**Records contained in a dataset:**
::::

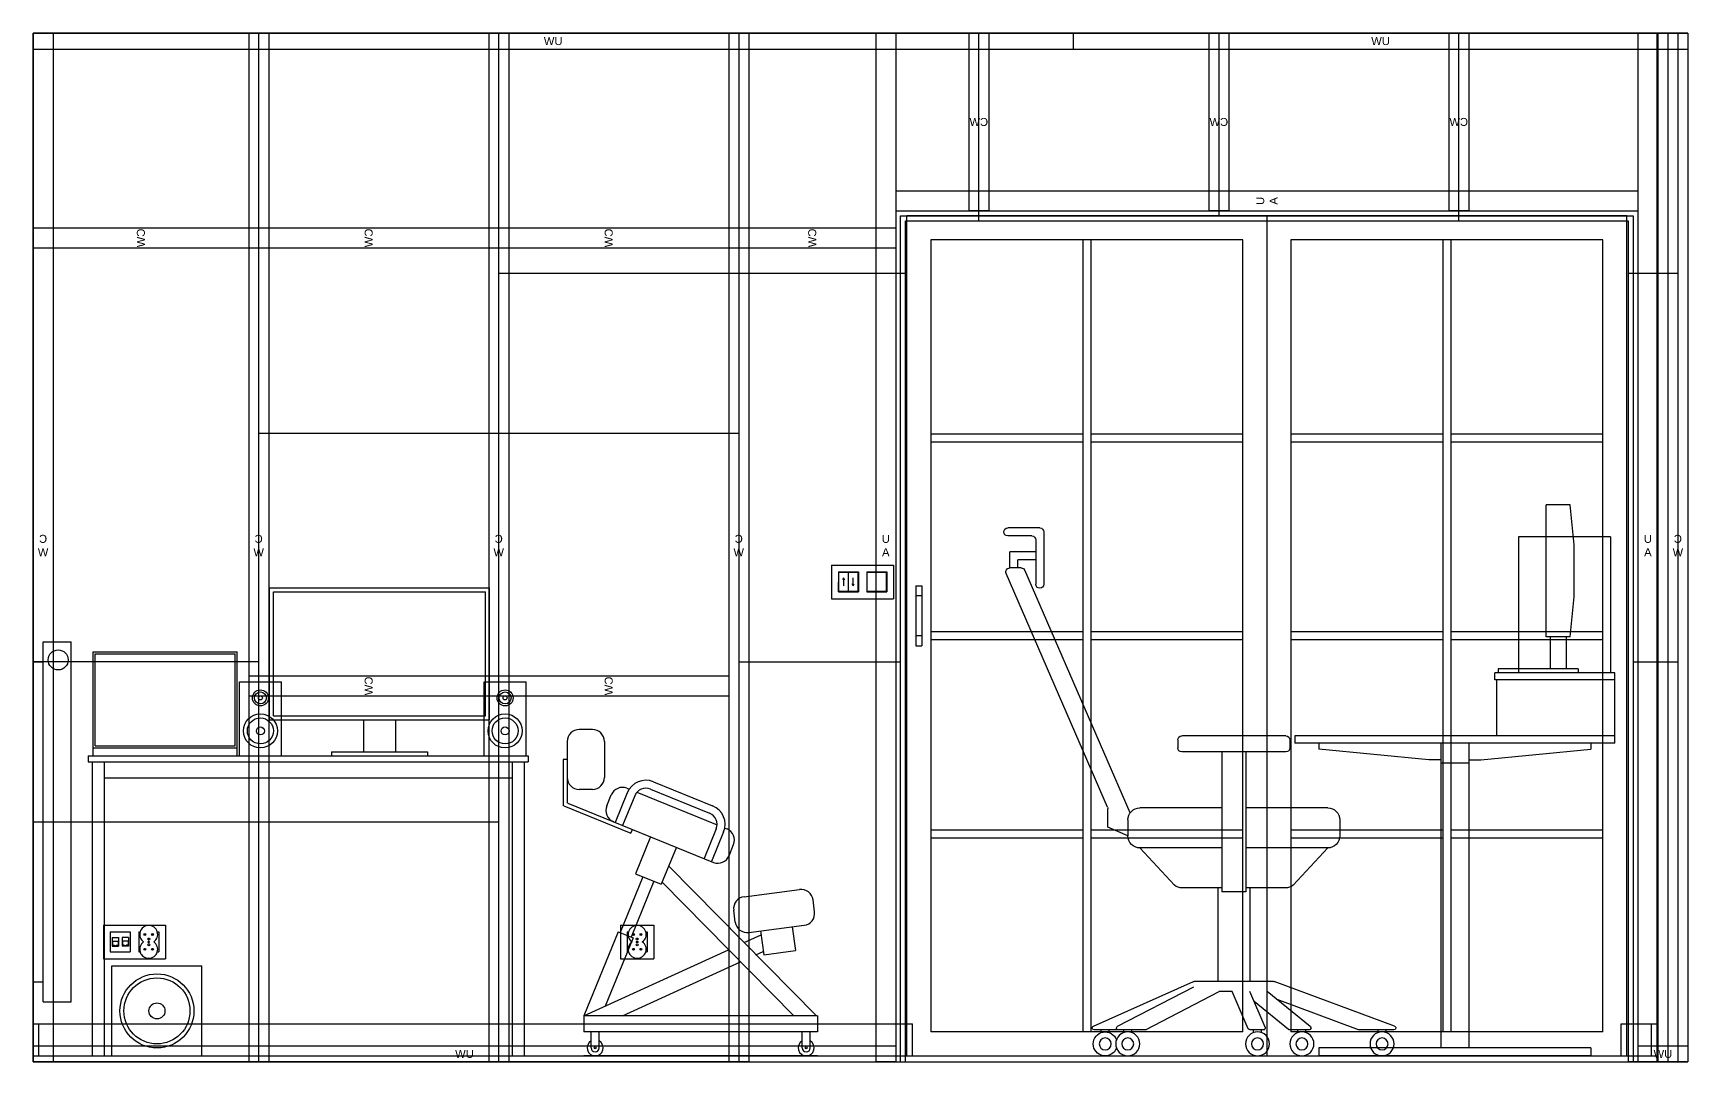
# Model space of a CAD drawing. Header units: millimetres. Extents: x 863 to 5283, y 810 to 2397.
# Drawn here: x 4258.9 to 4672.5, y 2139.4 to 2396.6 of the extents above; entities that cross this region are included whole.
import ezdxf

# ---------------------------------------------------------------- set-up
doc = ezdxf.new("R2010")
doc.units = ezdxf.units.MM
for name, color, linetype in [('Drzwi', 34, 'Continuous'), ('Elektryka - obudowy', 253, 'Continuous'), ('GK - OSB', 40, 'Continuous'), ('GK - płyta', 104, 'Continuous'), ('GK - rama', 170, 'Continuous'), ('Grzejniki', 12, 'Continuous'), ('Listwy', 9, 'Continuous'), ('Meble', 42, 'Continuous'), ('Panele', 44, 'Continuous'), ('Urządzenia', 183, 'Continuous'), ('Ściany', 7, 'Continuous')]:
    doc.layers.add(name, color=color, linetype=linetype)

# ---------------------------------------------------------------- blocks, each defined once
blk = doc.blocks.new('Z$W@#5282')
for p, q in [((0, 75), (0, 73.5)), ((0, 75), (110, 75)), ((110, 75), (110, 73.5)), ((0, 73.5), (110, 73.5)), ((1, 73.5), (1, 0)), ((4, 73.5), (4, 0)), ((106, 73.5), (106, 0)), ((109, 73.5), (109, 0)), ((4, 69.5), (106, 69.5)), ((1, 0), (4, 0)), ((106, 0), (109, 0))]:
    blk.add_line(p, q)
blk = doc.blocks.new('Z$W@#16878')
for p, q in [((1, 78.61), (1, 63.2)), ((7.3, 81.61), (4, 81.61)), ((10.3, 78.61), (10.3, 69.61)), ((1, 74.11), (0, 74.11)), ((0, 74.11), (0, 62.53)), ((7.3, 66.61), (4, 66.61)), ((15.94, 66.9), (16.5, 66.68)), ((21.79, 66.68), (36.61, 60.65)), ((22.54, 68.54), (37.36, 62.5)), ((0.16, 62.53), (16.93, 55.71)), ((1.16, 63.2), (37.56, 48.39)), ((10.9, 62.48), (12.03, 65.26)), ((16.03, 65.79), (13.01, 58.38)), ((17.88, 65.04), (14.86, 57.63)), ((18.42, 65.9), (38.47, 57.73)), ((16.93, 55.71), (17.31, 56.63)), ((21.81, 54.8), (18.04, 45.54)), ((38.26, 56.74), (35.24, 49.33)), ((40.11, 55.99), (37.09, 48.58)), ((40.39, 56.95), (40.95, 56.73)), ((28.29, 52.16), (24.52, 42.9)), ((41.46, 50.04), (42.6, 52.82)), ((18.04, 45.54), (24.52, 42.9)), ((63.29, 10), (26.37, 47.44)), ((19.89, 44.78), (14.21, 30.83)), ((22.67, 43.65), (16.99, 29.7)), ((57.67, 10), (24.73, 43.41)), ((45.22, 39.8), (59.11, 41.59)), ((62.85, 36.02), (62.46, 39)), ((43.01, 33.46), (42.63, 36.44)), ((13.75, 31.02), (5.19, 10)), ((17.46, 29.51), (10.5, 12.43)), ((13.75, 31.02), (17.46, 29.51)), ((45.21, 28.33), (49.47, 30.28)), ((46.37, 30.87), (60.26, 32.66)), ((49.35, 31.25), (50.12, 25.3)), ((57.28, 32.28), (58.05, 26.33)), ((5.19, 10), (41.34, 26.56)), ((48.2, 25.3), (50.01, 26.13)), ((50.12, 25.3), (58.05, 26.33)), ((14.8, 10), (44.33, 23.53)), ((5.19, 10), (5.19, 6)), ((63.54, 10), (5.19, 10)), ((63.54, 10), (63.54, 6)), ((63.54, 6), (5.19, 6)), ((6.99, 2), (6.99, 6)), ((8.99, 2), (8.99, 6)), ((59.75, 2), (59.75, 6)), ((61.75, 2), (61.75, 6)), ((63.54, 0), (5.19, 0))]:
    blk.add_line(p, q)
for centre in [(7.99, 2), (60.75, 2)]:
    blk.add_circle(centre, 0.25)
for centre, radius, start, end in [((4, 78.61), 3, 90, 180), ((7.3, 78.61), 3, 0, 90), ((4, 69.61), 3, 180, 270), ((7.3, 69.61), 3, 270, 0), ((14.81, 64.13), 3, 67.8502, 157.8502), ((20.66, 63.91), 5, 67.8502, 157.8502), ((20.66, 63.91), 3, 67.8502, 157.8502), ((13.68, 61.35), 3, 157.8502, 247.8502), ((35.48, 57.87), 5, 337.8502, 67.8502), ((35.48, 57.87), 3, 337.8502, 67.8502), ((39.82, 53.95), 3, 337.8502, 67.8502), ((38.69, 51.17), 3, 247.8502, 337.8502), ((59.49, 38.61), 3, 7.361, 97.361), ((45.6, 36.82), 3, 97.361, 187.361), ((45.99, 33.85), 3, 187.361, 277.361), ((59.87, 35.64), 3, 277.361, 7.361), ((7.99, 2), 2, 120, 60), ((7.99, 2), 1, 180, 0), ((60.75, 2), 2, 120, 60), ((60.75, 2), 1, 180, 0)]:
    blk.add_arc(centre, radius, start, end)
blk = doc.blocks.new('Z$W@#32659')
for p, q in [((0, 0), (0, 26)), ((0, 26), (36, 26)), ((0.5, 2.5), (0.5, 25.5)), ((0.5, 25.5), (35.5, 25.5)), ((35.5, 2.5), (35.5, 25.5)), ((36, 0), (36, 26)), ((0, 2), (36, 2)), ((0, 0), (36, 0)), ((0.5, 2.5), (35.5, 2.5))]:
    blk.add_line(p, q)
blk = doc.blocks.new('Z$W@#2298')
for p, q in [((0, 9), (0, 42)), ((0, 42), (55, 42)), ((55, 9), (55, 42)), ((1, 10), (1, 41)), ((1, 41), (54, 41)), ((54, 10), (54, 41)), ((0, 9), (55, 9)), ((1, 10), (54, 10)), ((23.5, 9), (23.5, 1)), ((31.5, 9), (31.5, 1)), ((15.5, 1), (15.5, 0)), ((15.5, 1), (39.5, 1)), ((15.5, 0), (39.5, 0)), ((39.5, 1), (39.5, 0))]:
    blk.add_line(p, q)
blk = doc.blocks.new('Z$W@#11501')
for p, q in [((0, 0), (0, 18.5)), ((0, 18.5), (10.5, 18.5)), ((10.5, 0), (10.5, 18.5)), ((0, 0), (10.5, 0))]:
    blk.add_line(p, q)
for centre, radius in [((5.25, 14.5), 2), ((5.25, 14.5), 1.5), ((5.25, 14.5), 0.5), ((5.25, 6.25), 4.25), ((5.25, 6.25), 3.25), ((5.25, 6.25), 1)]:
    blk.add_circle(centre, radius)
blk = doc.blocks.new('Z$W@#13176')
for p, q in [((0, 0), (0, 18.5)), ((0, 18.5), (10.5, 18.5)), ((10.5, 0), (10.5, 18.5)), ((0, 0), (10.5, 0))]:
    blk.add_line(p, q)
for centre, radius in [((5.25, 14.5), 2), ((5.25, 14.5), 1.5), ((5.25, 14.5), 0.5), ((5.25, 6.25), 4.25), ((5.25, 6.25), 3.25), ((5.25, 6.25), 1)]:
    blk.add_circle(centre, radius)
blk = doc.blocks.new('Z$W@#3376')
for p, q in [((0, 0), (0, 22.5)), ((0, 22.5), (22.5, 22.5)), ((22.5, 0), (22.5, 22.5)), ((0, 0), (22.5, 0))]:
    blk.add_line(p, q)
for radius in [9.25, 8.25, 2]:
    blk.add_circle((11.25, 11.25), radius)
blk = doc.blocks.new('Z$W@#8605')
for p, q in [((88.01, 131), (88.01, 117.92)), ((89.01, 132), (97.01, 132)), ((90.01, 129), (90.01, 117.92)), ((91.01, 130), (97.01, 130)), ((98.01, 131), (98.01, 131)), ((90.01, 126), (96.51, 126)), ((96.51, 122), (96.51, 126)), ((66.46, 60.73), (92.75, 121.4)), ((72.09, 62.19), (97.41, 120.6)), ((90.01, 124), (94.51, 124)), ((93.67, 122), (96.49, 122)), ((94.51, 122), (94.51, 124)), ((89.01, 116.92), (89.01, 116.92)), ((26.51, 79), (26.51, 77)), ((27.51, 80), (53.51, 80)), ((54.51, 79), (54.51, 77)), ((27.51, 76), (53.51, 76)), ((37.51, 76), (37.51, 41)), ((43.51, 76), (43.51, 41)), ((14.01, 59), (14.01, 55)), ((17.01, 62), (37.51, 62)), ((43.51, 62), (64.01, 62)), ((67.01, 59), (67.01, 55)), ((72.01, 57.17), (72.01, 61.79)), ((67.01, 55), (72.01, 57.17)), ((17.01, 52), (37.51, 52)), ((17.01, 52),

::::

**The task:** Copy out every line in the records where the word "ezdxf" is found.

**Solution for this task:**
import ezdxf
doc = ezdxf.new("R2010")
doc.units = ezdxf.units.MM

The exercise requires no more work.